The same "fate" as the crow is the owl.

"Don't be afraid of the night owls barking, just be afraid of the night owls laughing." The night owl here is the owl, the scientific name owl. In Chinese folklore, owls are often classified as ominous birds, because there are many places where stories of people who will die after hearing the owl's cry for a few days, so the owl is also known as the mourning bird, especially the owl's mournful cry in the night like a ghostly drift, it is indeed easy to think of doom and death.

In Europe, the association of owls and witches was once considered evil and ominous animals, so are owls really the ominous birds that people fear?

As the saying goes: "Two birds enter the house, there is no disaster and there is a disaster", is it really reasonable?

Today, when we drive on the highway, we can see many magpies picking up food in the roadway, and even the corpses of the same kind that have been run over by the speed! Magpies are called "hi" but still have not evolved to sublimate, escaping the species of omnivorous birds and birds.

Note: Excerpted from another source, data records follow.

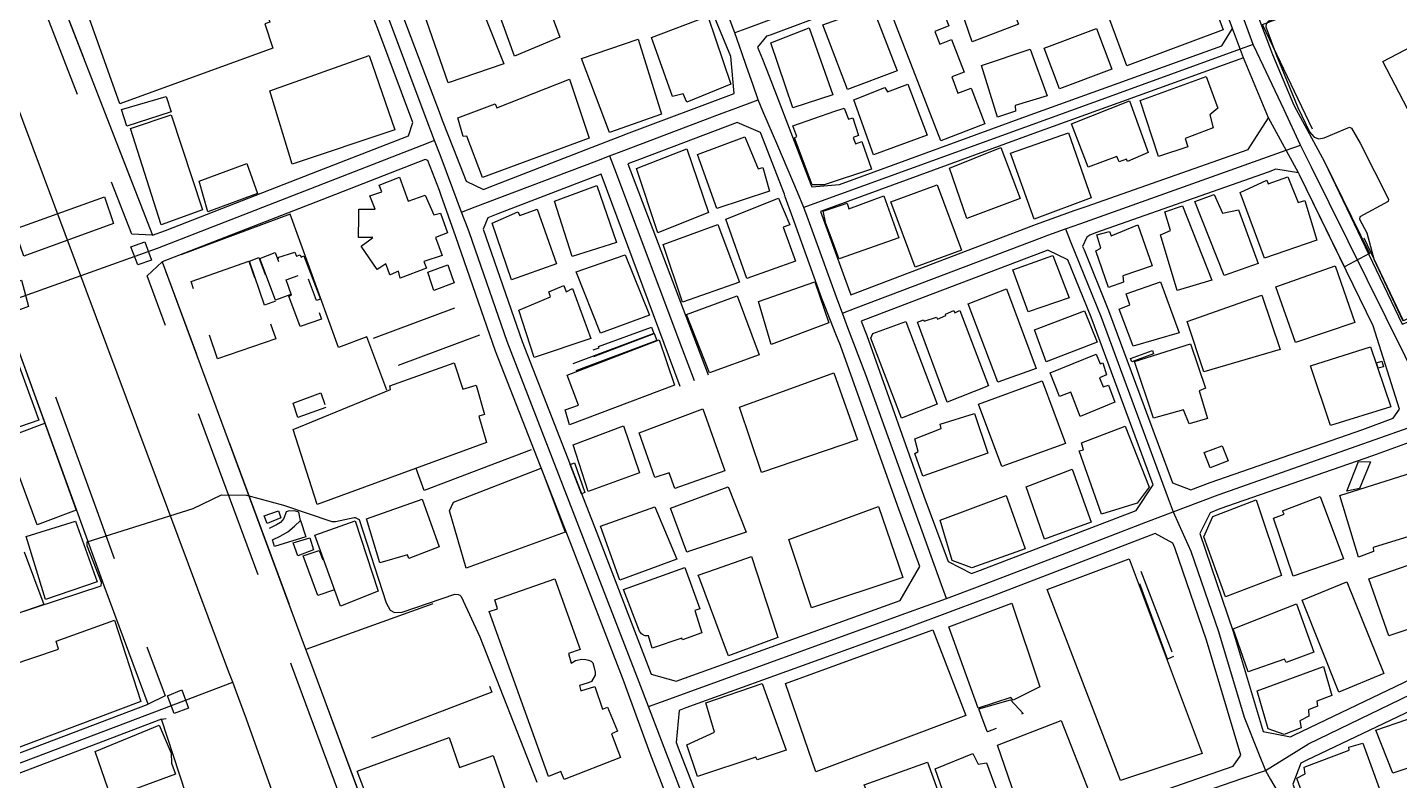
# Model space of a CAD drawing. Header units: millimetres. Extents: x 198785 to 203305, y 542885 to 545889.
# Drawn here: x 202841.5 to 203133.1, y 545593.5 to 545753.5 of the extents above; entities that cross this region are included whole.
import ezdxf

# ---------------------------------------------------------------- set-up
doc = ezdxf.new("R2010")
doc.units = ezdxf.units.MM
for name, pattern in [('FENCE_25K', [54.3, 28.7, -9.2, -16.4]), ('HIDDEN_BULD_25K', [28.8, 18.4, -10.4]), ('HIDDEN_IN_25K', [56.5, 36.5, -20])]:
    doc.linetypes.add(name, pattern=pattern)
for name, color, linetype in [('A0013114', 253, 'Continuous'), ('A0013117', 253, 'Continuous'), ('A0023214', 253, 'Continuous'), ('A0023217', 253, 'Continuous'), ('A0033324', 253, 'Continuous'), ('A0043325', 253, 'Continuous'), ('A0053326', 253, 'Continuous'), ('B0014111', 253, 'Continuous'), ('B0014112', 253, 'Continuous'), ('B0014113', 253, 'Continuous'), ('B0014116', 253, 'Continuous'), ('B0024120', 253, 'Continuous'), ('C0076117', 253, 'Continuous'), ('F0017111', 253, 'Continuous'), ('F0017114', 253, 'Continuous'), ('F0047224', 253, 'Continuous')]:
    doc.layers.add(name, color=color, linetype=linetype)

msp = doc.modelspace()

# ---------------------------------------------------------------- linework, layer by layer
at = {"layer": 'A0013114'}
for points in [[(202813.13, 545850.87), (202837.34, 545788.51), (202840.26, 545780.98), (202868.05, 545709.4)], [(202870.14, 545703.7), (202900.13, 545622.78), (202901.45, 545619.23), (202932.52, 545535.41)], [(202867.13, 545609.73), (202857.78, 545634.9), (202837.28, 545691.47)], [(202899.06, 545523.66), (202876.44, 545586.84), (202869.98, 545606.53)]]:
    msp.add_lwpolyline(points, dxfattribs=at)
at = {"layer": 'A0013117'}
for points in [[(202868.05, 545709.4), (202870.86, 545710.42), (202901.89, 545722.49), (202922.45, 545730.54), (202923.42, 545733.37), (202915.93, 545753.24), (202914.96, 545755.79), (202910.94, 545766.38), (202904.76, 545782.63), (202902.59, 545788.12), (202897.71, 545800.44), (202892.95, 545812.47), (202888.76, 545823.56), (202881.23, 545843.51), (202872.67, 545867.33), (202869.67, 545872.77), (202868.24, 545873), (202856.11, 545868.39), (202814.19, 545852.12), (202813.13, 545850.87)], [(203149.83, 545802.83), (203144.81, 545805.89), (203143.89, 545805.58), (203123.14, 545798.42), (203118.22, 545796.72), (203114.16, 545795.32), (203096.18, 545788.04), (203095.09, 545787.64), (203093.21, 545782.65), (203093.76, 545781.09), (203103.18, 545755.43), (203105.43, 545749.49), (203106.08, 545747.79), (203110.62, 545737.04), (203117.14, 545724.97), (203133.64, 545690.49), (203135.46, 545691.23), (203142.27, 545677.89), (203146.08, 545669.65), (203150.01, 545661.77), (203163.51, 545634.89), (203209.48, 545657.27), (203226.19, 545665.96)], [(203008.17, 545719.66), (203014.03, 545720.16), (203053.8, 545734.69), (203095.28, 545749.64), (203097.56, 545753.34), (203088.04, 545779.27), (203085.06, 545782.42), (203081.85, 545782.8), (203048.44, 545770.31), (202999.33, 545751.92), (202998.56, 545751.68), (202996.65, 545749.32), (202997.69, 545746.81), (202999.1, 545743.18), (203001.38, 545737.31), (203003.03, 545733.05), (203007.98, 545720.19), (203008.17, 545719.66)], [(202934.75, 545720.88), (202938.39, 545719.13), (202939.26, 545719.48), (202961.51, 545728.08), (202967.4, 545730.35), (202969.39, 545731.12), (202991.71, 545739.52), (202990.98, 545747.34), (202986.01, 545759.36), (202985.58, 545760.51), (202977.83, 545781.18), (202954.7, 545772.8), (202923.12, 545761.29), (202920.67, 545757.64), (202929.2, 545735.05), (202929.65, 545733.86), (202932.04, 545727.77), (202934.75, 545720.88)], [(203016.48, 545696.72), (203055.34, 545711.52), (203055.72, 545711.66), (203064.17, 545714.69), (203066.47, 545715.51), (203100.89, 545727.63), (203105.24, 545734.36), (203099.88, 545747.05), (203055.16, 545730.93), (203010.04, 545714.46), (203015.95, 545698.05), (203016.48, 545696.72)], [(202980.2, 545677.25), (202963.43, 545722.38), (202941.46, 545713.9), (202939.37, 545713.05), (202938.32, 545710.65), (202946.63, 545686.82), (202962.47, 545646.17), (202974.07, 545616.09), (202979.38, 545614.6), (203026.93, 545631.8), (203031.13, 545639.01), (203026.36, 545651.92), (203014.28, 545685.96), (203013.32, 545688.38), (203011.05, 545694.14), (203010.34, 545695.93), (203004.43, 545712.32), (203002.54, 545717.56), (203002.35, 545718.1), (202997.3, 545731.24), (202992.33, 545733.34), (202971.53, 545725.51), (202969.08, 545724.56), (202986.19, 545679.72)], [(202932.52, 545535.41), (202937.52, 545537.08), (202973.58, 545550.51), (202987.22, 545555.68), (202987.83, 545556.05), (202988.88, 545559.88), (202988.26, 545561.99), (202983.57, 545574.15), (202974.54, 545597.4), (202973.86, 545599.24), (202968.93, 545612.66), (202968.28, 545614.44), (202956.87, 545644), (202941, 545684.74), (202932.51, 545709.08), (202929.45, 545717.84), (202929.09, 545718.89), (202926.58, 545725.27), (202925.99, 545725.49), (202904.08, 545716.9), (202870.14, 545703.7)], [(203088.74, 545655.3), (203092.83, 545656.87), (203125.27, 545668.13), (203131.71, 545670.5), (203133.03, 545672.4), (203127.5, 545690.14), (203111.8, 545722.23), (203111.57, 545722.66), (203106.79, 545723.4), (203105.15, 545722.77), (203068.47, 545709.86), (203067.23, 545709.41), (203066.62, 545708.97), (203065.71, 545706.99), (203066.04, 545706.27), (203071.26, 545693.39), (203084.51, 545657.57), (203084.85, 545656.77), (203088.74, 545655.3)], [(203042.11, 545637.47), (203044, 545638.18), (203077.12, 545650.86), (203080.7, 545656.35), (203067.53, 545691.94), (203062.58, 545704.16), (203058.35, 545706.23), (203057.42, 545705.89), (203031.87, 545696.15), (203018.68, 545691.14), (203019.9, 545688.07), (203032, 545653.96), (203037.15, 545640.02), (203042.11, 545637.47)], [(202837.28, 545691.47), (202825.21, 545687.2), (202785.35, 545671.52), (202784.9, 545666.29), (202806.88, 545603.98), (202811.39, 545591.99), (202816.95, 545590.68), (202827.17, 545594.58), (202867.13, 545609.73)], [(203109.87, 545602.77), (203110.73, 545603.22), (203137.24, 545615.87), (203138.85, 545616.75), (203145.66, 545620.47), (203155.53, 545625.87), (203157.25, 545629.64), (203148.68, 545647.83), (203140.31, 545664.77), (203135.11, 545665.36), (203127.29, 545662.48), (203094.89, 545651.23), (203092.8, 545650.43), (203090.64, 545645.99), (203097.74, 545625.19), (203104.1, 545603.96), (203109.87, 545602.77)], [(202996.86, 545561.83), (203054.62, 545581.54), (203097.74, 545596.55), (203099.35, 545598.92), (203092.02, 545623.35), (203085.34, 545642.95), (203084.91, 545643.95), (203081.14, 545645.97), (203046.12, 545632.57), (203044.61, 545632.01), (203029.44, 545626.34), (203028.5, 545625.99), (202981.39, 545608.95), (202980.02, 545608.41), (202979.39, 545601.6), (202980.15, 545599.52), (202989.17, 545576.32), (202993.82, 545564.24), (202996.86, 545561.83)], [(203142.05, 545514.01), (203143.62, 545514.65), (203171.96, 545524.94), (203173.58, 545527.59), (203169.47, 545537.97), (203153.2, 545581.29), (203144.58, 545609.09), (203141.11, 545611.15), (203139.97, 545610.53), (203113.4, 545597.85), (203112.13, 545597.19), (203110.41, 545592.72), (203122.5, 545559.94), (203122.7, 545559.38), (203125.91, 545550.51), (203138.12, 545516.71), (203142.05, 545514.01)], [(202869.98, 545606.53), (202828.59, 545590.84), (202817.99, 545586.8), (202815.85, 545582.75), (202823.99, 545559.54), (202826.81, 545553.81), (202828.66, 545549.19), (202830.53, 545543.19), (202832.14, 545538.05), (202833.2, 545535.23), (202844.55, 545505), (202847.64, 545504.32), (202858.85, 545508.88), (202899.06, 545523.66)]]:
    msp.add_lwpolyline(points, dxfattribs=at)
at = {"layer": 'A0023214'}
msp.add_lwpolyline([(202996.92, 545318.28), (202991.47, 545333.13), (202982.85, 545356.61), (202973.34, 545382.49), (202972.5, 545384.77), (202971.93, 545386.34), (202957.41, 545425.88), (202952.03, 545438.69), (202950.73, 545441.78), (202948.95, 545446), (202937.78, 545472.6), (202917.51, 545524.23), (202916.58, 545526.59), (202915.56, 545529.45), (202888.07, 545606.53), (202885.7, 545612.87), (202885.12, 545614.42), (202884.33, 545616.53), (202853.99, 545697.69), (202852.85, 545700.75), (202851.7, 545703.8), (202824.87, 545775.57)], dxfattribs=at)
at = {"layer": 'A0023217'}
for points in [[(203087.98, 545788.49), (203085.18, 545787.42), (203054.93, 545775.93), (202994.93, 545753.51), (202991.84, 545752.36)], [(203102, 545749.95), (203100.37, 545754.39), (203091.24, 545779.27), (203090.64, 545780.97), (203087.98, 545788.49)], [(202991.84, 545752.36), (202988.43, 545761.44), (202980.5, 545782.56), (202979.77, 545784.51)], [(202928.03, 545729.5), (202926.26, 545734.2), (202917.77, 545756.7), (202916.37, 545760.43)], [(202996.75, 545738.19), (202995.62, 545741.46), (202994.32, 545745.21), (202993.3, 545748.15), (202991.84, 545752.36)], [(203102, 545749.95), (203099.19, 545748.93), (203072.9, 545739.39), (203009.36, 545716.35), (203006.51, 545715.31)], [(203112.02, 545728.55), (203108.53, 545736), (203104.1, 545745.47), (203102.76, 545748.32), (203102, 545749.95)], [(202965.22, 545726.24), (202968.26, 545727.39), (202988.57, 545735.09), (202992.02, 545736.4), (202996.75, 545738.19)], [(203006.51, 545715.31), (203005.14, 545718.53), (203000.95, 545728.35), (202997.8, 545735.74), (202996.75, 545738.19)], [(202928.03, 545729.5), (202925.34, 545728.45), (202869.1, 545706.55), (202852.85, 545700.75), (202835.56, 545694.57), (202822.76, 545690), (202787.3, 545676.05), (202784.31, 545675.04), (202778.49, 545673.07)], [(202933.76, 545714.31), (202931.9, 545719.25), (202929.18, 545726.46), (202928.03, 545729.5)], [(203062.06, 545710.73), (203065.36, 545711.91), (203108.97, 545727.46), (203112.02, 545728.55)], [(203140.8, 545670.49), (203138.3, 545675.53), (203118.12, 545716.24), (203114.36, 545723.82), (203112.02, 545728.55)], [(202933.76, 545714.31), (202936.66, 545715.41), (202962.48, 545725.2), (202965.22, 545726.24)], [(202965.22, 545726.24), (202966.26, 545723.47), (202980.51, 545685.63), (202983.2, 545678.49)], [(203014.68, 545692.83), (203013.74, 545695.42), (203007.98, 545711.25), (203007.21, 545713.38), (203006.51, 545715.31)], [(202973.5, 545609.26), (202971.51, 545614.39), (202943.45, 545686.82), (202935.41, 545709.87), (202935.14, 545710.65), (202933.76, 545714.31)], [(203014.68, 545692.83), (203017.58, 545693.93), (203057.05, 545708.92), (203058.35, 545709.41), (203062.06, 545710.73)], [(203062.06, 545710.73), (203063.23, 545707.85), (203069.66, 545691.94), (203083.92, 545653.46), (203084.97, 545650.62)], [(203036.78, 545632.18), (203035.73, 545635.09), (203019.68, 545679.72), (203015.87, 545689.7), (203014.68, 545692.83)], [(203084.97, 545650.62), (203090.8, 545652.83), (203094.52, 545654.25), (203136.34, 545668.93), (203140.8, 545670.49)], [(203036.78, 545632.18), (203043.38, 545634.7), (203062.27, 545641.93), (203079.15, 545648.39), (203084.97, 545650.62)], [(203084.97, 545650.62), (203086.19, 545647.9), (203088.72, 545642.23), (203094.57, 545625.19), (203100.06, 545606.98), (203103.12, 545599.31), (203104.59, 545595.63)], [(202973.5, 545609.26), (202976.22, 545610.24), (203028.19, 545629.07), (203036.78, 545632.18)], [(203104.59, 545595.63), (203111.12, 545599.68), (203113.75, 545601.31), (203139.96, 545614.01), (203141.11, 545614.57), (203144.41, 545616.34)], [(202810.92, 545586.18), (202817.47, 545588.74), (202868.55, 545608.13), (202885.12, 545614.42)], [(202993.75, 545556.07), (202992.6, 545559.1), (202979.54, 545593.39), (202976.83, 545600.51), (202973.5, 545609.26)], [(202993.75, 545556.07), (202998.64, 545558.59), (203001.71, 545560.17), (203099.59, 545593.91), (203104.59, 545595.63)], [(203104.59, 545595.63), (203105.67, 545593.76), (203108.88, 545588.18), (203119.91, 545558.17), (203122.09, 545552.25)]]:
    msp.add_lwpolyline(points, dxfattribs=at)
at = {"layer": 'A0033324', "linetype": 'HIDDEN_IN_25K', "flags": 128}
for points in [[(202840.26, 545780.98), (202868.05, 545709.4), (202863.68, 545709.6), (202836.25, 545780.26), (202809.33, 545849.61), (202809.8, 545850.66), (202814.19, 545852.12), (202813.13, 545850.87), (202837.34, 545788.51), (202840.26, 545780.98)], [(202932.52, 545535.41), (202928.33, 545535.2), (202897.62, 545618.05), (202866.95, 545700.79), (202870.14, 545703.7), (202900.13, 545622.78), (202901.45, 545619.23), (202932.52, 545535.41)], [(202870.75, 545611.48), (202867.13, 545609.73), (202857.78, 545634.9), (202837.28, 545691.47), (202841.44, 545691.74), (202855.96, 545651.64), (202861.53, 545636.28), (202870.75, 545611.48)], [(202902.45, 545526.04), (202899.06, 545523.66), (202876.44, 545586.84), (202869.98, 545606.53), (202872.79, 545606.9), (202874.09, 545606.83), (202880.22, 545588.14), (202888.02, 545566.35), (202902.45, 545526.04)]]:
    msp.add_lwpolyline(points, dxfattribs=at)
at = {"layer": 'A0043325'}
for points in [[(202859.8, 545711.9), (202840.72, 545704.91), (202838.74, 545710.69), (202857.85, 545717.55), (202859.8, 545711.9)], [(202867.84, 545704.07), (202864.97, 545703.09), (202863.45, 545706.91), (202866.45, 545707.95), (202867.84, 545704.07)], [(202840.02, 545693.63), (202839.91, 545693.59), (202837.94, 545699.07), (202837.99, 545699.09), (202840.27, 545699.85), (202841.71, 545694.25), (202840.02, 545693.63)], [(202875.75, 545608.89), (202872.65, 545607.76), (202871.27, 545611.52), (202874.34, 545612.76), (202875.75, 545608.89)]]:
    msp.add_lwpolyline(points, dxfattribs=at)
at = {"layer": 'A0053326'}
msp.add_lwpolyline([(203103.18, 545755.43), (203105.43, 545749.49), (203106.08, 545747.79), (203110.62, 545737.04), (203117.14, 545724.97), (203126.69, 545705.47), (203121.38, 545702.65), (203111.8, 545722.23), (203111.57, 545722.66), (203105.24, 545734.36), (203099.88, 545747.05), (203097.56, 545753.34), (203088.04, 545779.27)], dxfattribs=at)
at = {"layer": 'B0014111'}
for points in [[(202885.86, 545766.58), (202887.82, 545761.15), (202890.48, 545762.06), (202892.98, 545754.69), (202891.92, 545754.33), (202893.68, 545749.17), (202861.15, 545737.3), (202854.72, 545755.38), (202885.86, 545766.58)], [(203071.96, 545744.66), (203060.82, 545740.49), (203057.58, 545749.15), (203068.71, 545753.32), (203071.96, 545744.66)], [(202919.56, 545731.78), (202897.74, 545724.51), (202893.03, 545740.1), (202914.15, 545747.6), (202919.56, 545731.78)], [(202872.05, 545735.61), (202862.63, 545732.55), (202861.5, 545736.07), (202870.95, 545738.85), (202872.05, 545735.61)], [(203079.66, 545726.99), (203075.24, 545725.06), (203075.08, 545725.56), (203073.49, 545724.95), (203072.98, 545726.13), (203066.87, 545723.84), (203063.33, 545733.06), (203075.67, 545737.92), (203079.66, 545726.99)], [(202878.71, 545714.76), (202869.91, 545711.58), (202863.41, 545732.1), (202872.07, 545734.99), (202878.71, 545714.76)], [(203052.42, 545717.22), (203041.12, 545712.91), (203037.41, 545723.67), (203048.37, 545728.05), (203052.42, 545717.22)], [(202890.39, 545718.22), (202879.87, 545714.39), (202877.99, 545720.84), (202888.11, 545724.65), (202890.39, 545718.22)], [(202920.6, 545721.74), (202922.39, 545716.65), (202926.03, 545717.92), (202927.85, 545713.72), (202929.28, 545714.1), (202930.77, 545709.91), (202928.24, 545708.92), (202929.64, 545705.06), (202925.76, 545703.81), (202926.27, 545702.39), (202920.73, 545700.24), (202920.35, 545701.78), (202918.58, 545700.98), (202918.5, 545700.95), (202918.07, 545702.16), (202917.67, 545703.3), (202916.42, 545702.48), (202915.85, 545702.1), (202912.4, 545707.04), (202914.24, 545708.44), (202914.87, 545708.92), (202914.07, 545708.91), (202911.87, 545708.89), (202911.93, 545713.35), (202911.95, 545714.94), (202915.37, 545714.95), (202914.25, 545717.76), (202916.78, 545718.58), (202916.21, 545719.99), (202920.6, 545721.74)], [(203109.32, 545721.8), (203111.5, 545716.32), (203112.95, 545716.79), (203115.52, 545708.32), (203104.34, 545704.53), (203099.23, 545718.45), (203104.86, 545721.08), (203105.16, 545720.32), (203109.32, 545721.8)], [(203039.96, 545706.18), (203030.16, 545702.63), (203024.98, 545716.5), (203034.79, 545720.08), (203039.96, 545706.18)], [(203023.52, 545717.76), (203026.7, 545708.84), (203013.97, 545704.38), (203013.8, 545704.84), (203012.72, 545707.74), (203011.17, 545711.88), (203010.62, 545714.47), (203015.7, 545716.2), (203016.08, 545715.03), (203023.52, 545717.76)], [(202949.85, 545714.9), (202953.94, 545703.3), (202944.37, 545699.92), (202940.29, 545711.94), (202945.7, 545714.37), (202946.11, 545713.55), (202949.85, 545714.9)], [(203123.6, 545690.85), (203110.97, 545686.59), (203106.75, 545698.45), (203119.37, 545702.87), (203123.6, 545690.85)], [(203107.71, 545685.07), (203091.5, 545680.38), (203087.95, 545691.07), (203103.84, 545696.65), (203107.71, 545685.07)], [(202843.92, 545670.12), (202833.78, 545666.63), (202826.69, 545686.38), (202836.72, 545689.92), (202843.92, 545670.12)], [(202978.98, 545677.5), (202956.69, 545669.11), (202955.75, 545672.25), (202958.62, 545673.26), (202956.21, 545679.64), (202975.77, 545687.13), (202978.98, 545677.5)], [(203131.22, 545672.94), (203118.38, 545668.98), (203114.18, 545681.6), (203126.89, 545685.7), (203131.22, 545672.94)], [(202932.18, 545682.25), (202934.01, 545676.64), (202936.84, 545677.51), (202938.66, 545671.32), (202937.4, 545670.96), (202939.07, 545665.33), (202903.06, 545652.14), (202897.95, 545668.1), (202918.65, 545676.58), (202918.49, 545677.36), (202932.18, 545682.25)], [(202845.18, 545669.46), (202851.85, 545650.96), (202843.56, 545647.86), (202838.68, 545661.06), (202835.79, 545660.07), (202834.23, 545665.35), (202845.18, 545669.46)], [(203077.35, 545652.44), (203069.72, 545650.1), (203064.99, 545663.58), (203065.93, 545663.77), (203065.46, 545665.26), (203074.74, 545668.79), (203079.9, 545655.86), (203077.35, 545652.44)], [(203067.53, 545648.43), (203057.63, 545644.83), (203053.75, 545655.89), (203063.51, 545659.71), (203067.53, 545648.43)], [(203127.57, 545642.16), (203124.33, 545640.95), (203120.36, 545654.06), (203137.16, 545659.39), (203141.67, 545647.4), (203127.45, 545643.01), (203127.57, 545642.16)], [(202982.19, 545642.23), (202981.65, 545642.05), (202978.12, 545651.39), (202990.42, 545655.93), (202990.49, 545655.77), (202994.22, 545646.28), (202982.19, 545642.23)], [(203121.16, 545640.63), (203110.46, 545636.91), (203106.31, 545649.27), (203108.54, 545650.1), (203108.22, 545650.85), (203116.19, 545653.84), (203121.16, 545640.63)], [(203108.02, 545637.05), (203096.08, 545632.56), (203091.5, 545645.32), (203093.38, 545649.61), (203102.62, 545653.17), (203108.02, 545637.05)], [(202856.3, 545635.75), (202845.33, 545631.97), (202841.23, 545645.37), (202851.7, 545648.64), (202856.3, 545635.75)], [(202916.03, 545633.75), (202908.06, 545630.54), (202902.55, 545645.62), (202911.18, 545648.71), (202916.03, 545633.75)], [(203091.16, 545599.24), (203073.77, 545593.53), (203058.2, 545634.11), (203075.62, 545640.6), (203091.16, 545599.24)], [(203140.92, 545627.65), (203130.78, 545624.28), (203126.58, 545636.39), (203136.53, 545639.81), (203140.92, 545627.65)], [(203114.89, 545620.8), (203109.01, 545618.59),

Science has confirmed that people are dying, and the body emits a gas of carrionin, and owls are extremely sensitive to this gas and have a strong tendency. So that at night, smelling and coming, staying near the house of the dying patient and shouting, "the patient's mourning" was named "mourning star", which was really wronged!

As the saying goes: "Two birds enter the house, there is no disaster and there is a disaster", is it really reasonable?

The owl was dubbed the "evil bird" by the ancient Chinese, and in the West, especially in England, its identity also foreshadowed death and ominousness: in the medieval poet Chaucer's "Fowl Council", the owl was a metaphor for death.

In the famous British debate poem "The Owl and the Nightingale", the nightingale rebukes the owl: "When you scream and howl at night, people are scared of you to death." Whenever you open your mouth and sing, it is about some kind of human misfortune. ”

As the saying goes: "Two birds enter the house, there is no disaster and there is a disaster", is it really reasonable?

Interestingly, it is precisely because the owl is the image of the owl being feared and hated by ordinary people, Lu Xun took the Qifeng, laughed at the nickname given by his classmates as "Owl", and declared that his remarks were "owling".

In real life, Lu Xun's love for owls has obtained multi-layered malleability echoes in paintings and literary texts, thus constituting his unique owl complex. Its significance is not only to fully express Lu Xun's critical consciousness of 'seeing everything in the dark at ease', but also to strongly show Lu Xun's humorous spirit of making trouble with the darkness and the rebellious character of being able to fly and to fly.

I think it's time to change the stereotype of these two birds, what do you think?